Here, in the unmanned aerial vehicle 1, the temperature sensor 28 constantly measures the surface temperature of the main body 10, and when the surface temperature exceeds a predetermined value due to too close to the fire source, the unmanned aerial vehicle 1 autonomously operates. The save operation is performed. Specifically, when the surface temperature exceeds a predetermined value, the evacuation control unit 20c performs an operation so that the evacuation control unit 20c moves in the backward direction with respect to the traveling direction, and the drive control unit 20a calculates the motor based on the operation result. Control twelve. Alternatively, the evacuation control unit 20c may perform the operation so that the evacuation control section 20c evacuates in a direction in which the temperature is lower in the surrounding atmosphere.
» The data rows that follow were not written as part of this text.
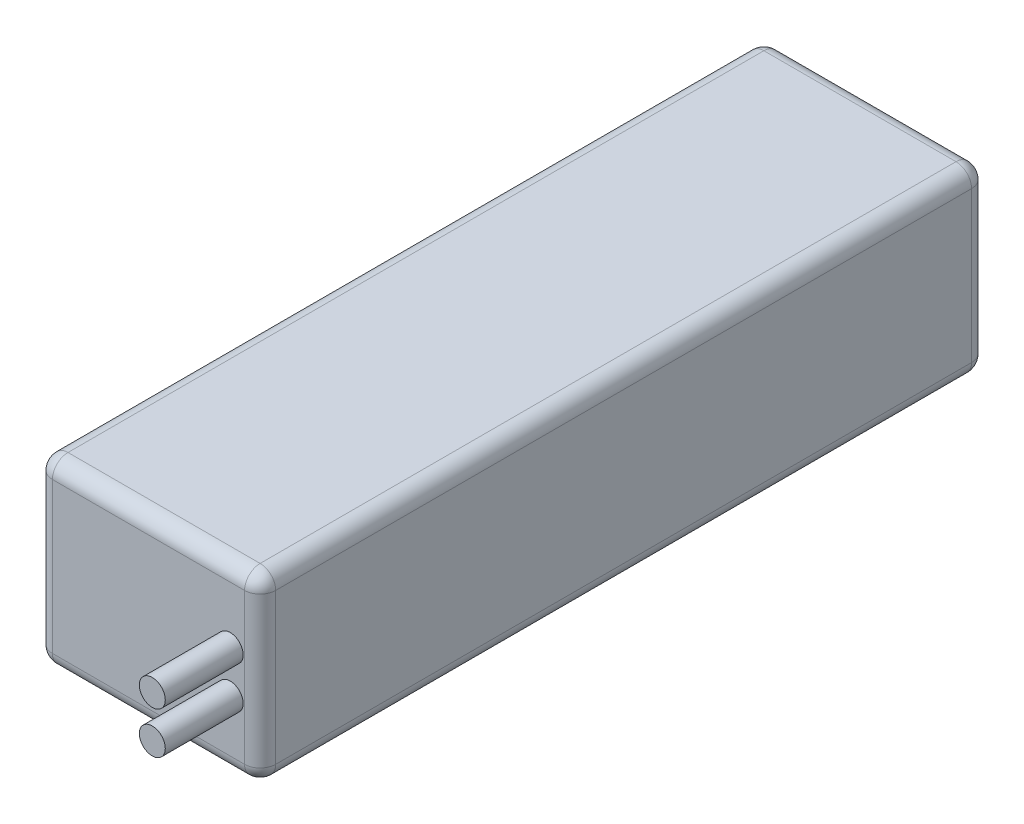
from build123d import *

# Parameters (mm, degrees)
SKETCH_1_W      = 43
SKETCH_1_H      = 35
EXTRUDE_1_DEPTH = 140
SKETCH_2_R      = 2.5
EXTRUDE_2_DEPTH = 15
FILLET_1_R      = 3


with BuildPart() as part:
    # Эскиз1 → Бобышка-Вытянуть1 (new body)
    with BuildSketch(Plane.XY):
        Rectangle(SKETCH_1_W, SKETCH_1_H)
    extrude(amount=EXTRUDE_1_DEPTH)

    # Эскиз2 → Бобышка-Вытянуть2 (add)
    with BuildSketch(Plane.XY.offset(140)):
        with Locations((15.734743007, 3.598639962)):
            Circle(SKETCH_2_R)
        with Locations((15.734743007, -4.492095401)):
            Circle(SKETCH_2_R)
    extrude(amount=EXTRUDE_2_DEPTH)

    # Скругление1
    fillet_1_edges = [part.edges().sort_by_distance(p)[0] for p in [
        (-21.5, 0, 140),
        (0, -17.5, 140),
        (21.5, 0, 140),
        (0, -17.5, 0),
        (-21.5, 0, 0),
        (0, 17.5, 0),
        (21.5, 0, 0),
        (0, 17.5, 140),
        (21.5, -17.5, 70),
        (-21.5, -17.5, 70),
        (-21.5, 17.5, 70),
        (21.5, 17.5, 70),
    ]]
    fillet(fillet_1_edges, radius=FILLET_1_R)


solid = part.part
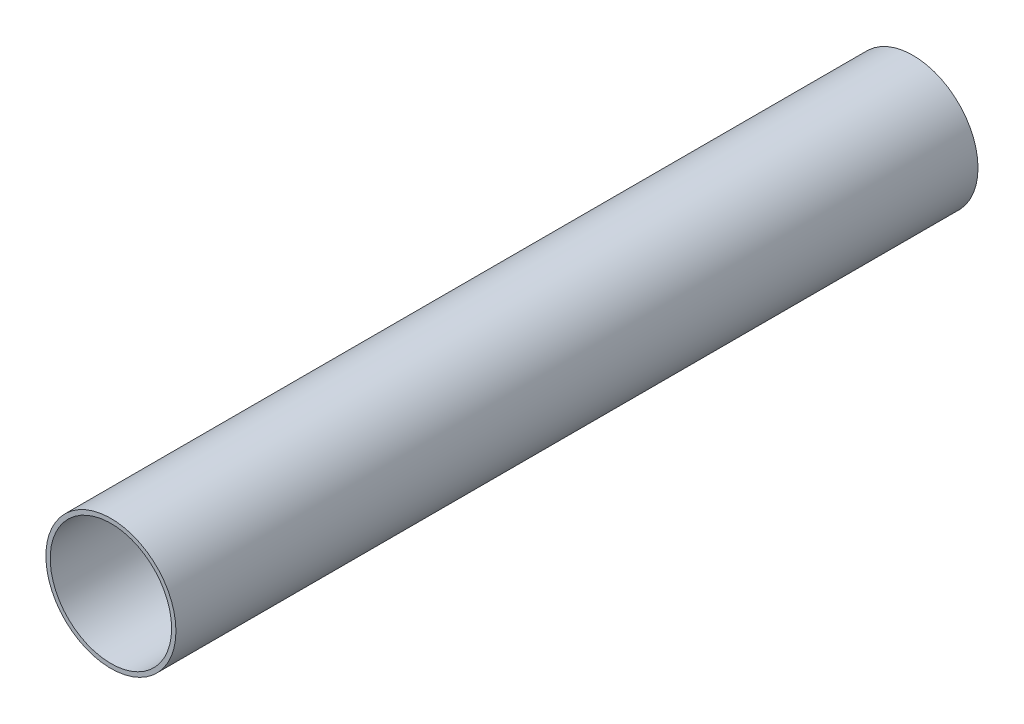
from build123d import *

# Parameters (mm, degrees)
SKETCH1_R           = 15
SKETCH1_R_2         = 14
BOSS_EXTRUDE1_DEPTH = 185


with BuildPart() as part:
    # Sketch1 → Boss-Extrude1 (new body)
    with BuildSketch(Plane.XY):
        Circle(SKETCH1_R)
        Circle(SKETCH1_R_2, mode=Mode.SUBTRACT)
    extrude(amount=BOSS_EXTRUDE1_DEPTH)


solid = part.part

Further, even when a remote operation is performed from the remote control device 2 during this time, the drive control unit 20a controls the motor 12 by giving priority to the calculation result of the evacuation control unit 20c.
Such a retracting operation is performed through the above steps (1) to (5).

When the user finds that the person 4 to be rescued is left in the building 3 (see FIG. 1 ), he/she selects the material 5 to be carried by the unmanned aerial vehicle 1. The supplies 5 are selected from the viewpoints that they are indispensable in the situation where the person to be rescued 4 is placed, and that they can be projected according to the projected flight distance of the unmanned aerial vehicle 1. At this time, if the unmanned aerial vehicle 1 is already loaded with the necessary supplies 5, the process may directly proceed to step S20. In addition, when the necessary supplies 5 are not loaded, the unmanned aerial vehicle 1 may be temporarily returned after the supplies 5 are stacked.

In step S20, the user causes the unmanned aerial vehicle 1 to carry the material 5 and project the material 5 in the vicinity of the person to be rescued 4 (support for the procedure (2) of fire fighting activities). In detail, the user moves the unmanned aerial vehicle 1 to a distance where the material 5 can be projected to the vicinity of the person to be rescued 4 while watching the real-time video imaged by the projection imaging unit 27, and then sets a sight. The projection device 26 is caused to fire the projection cartridge.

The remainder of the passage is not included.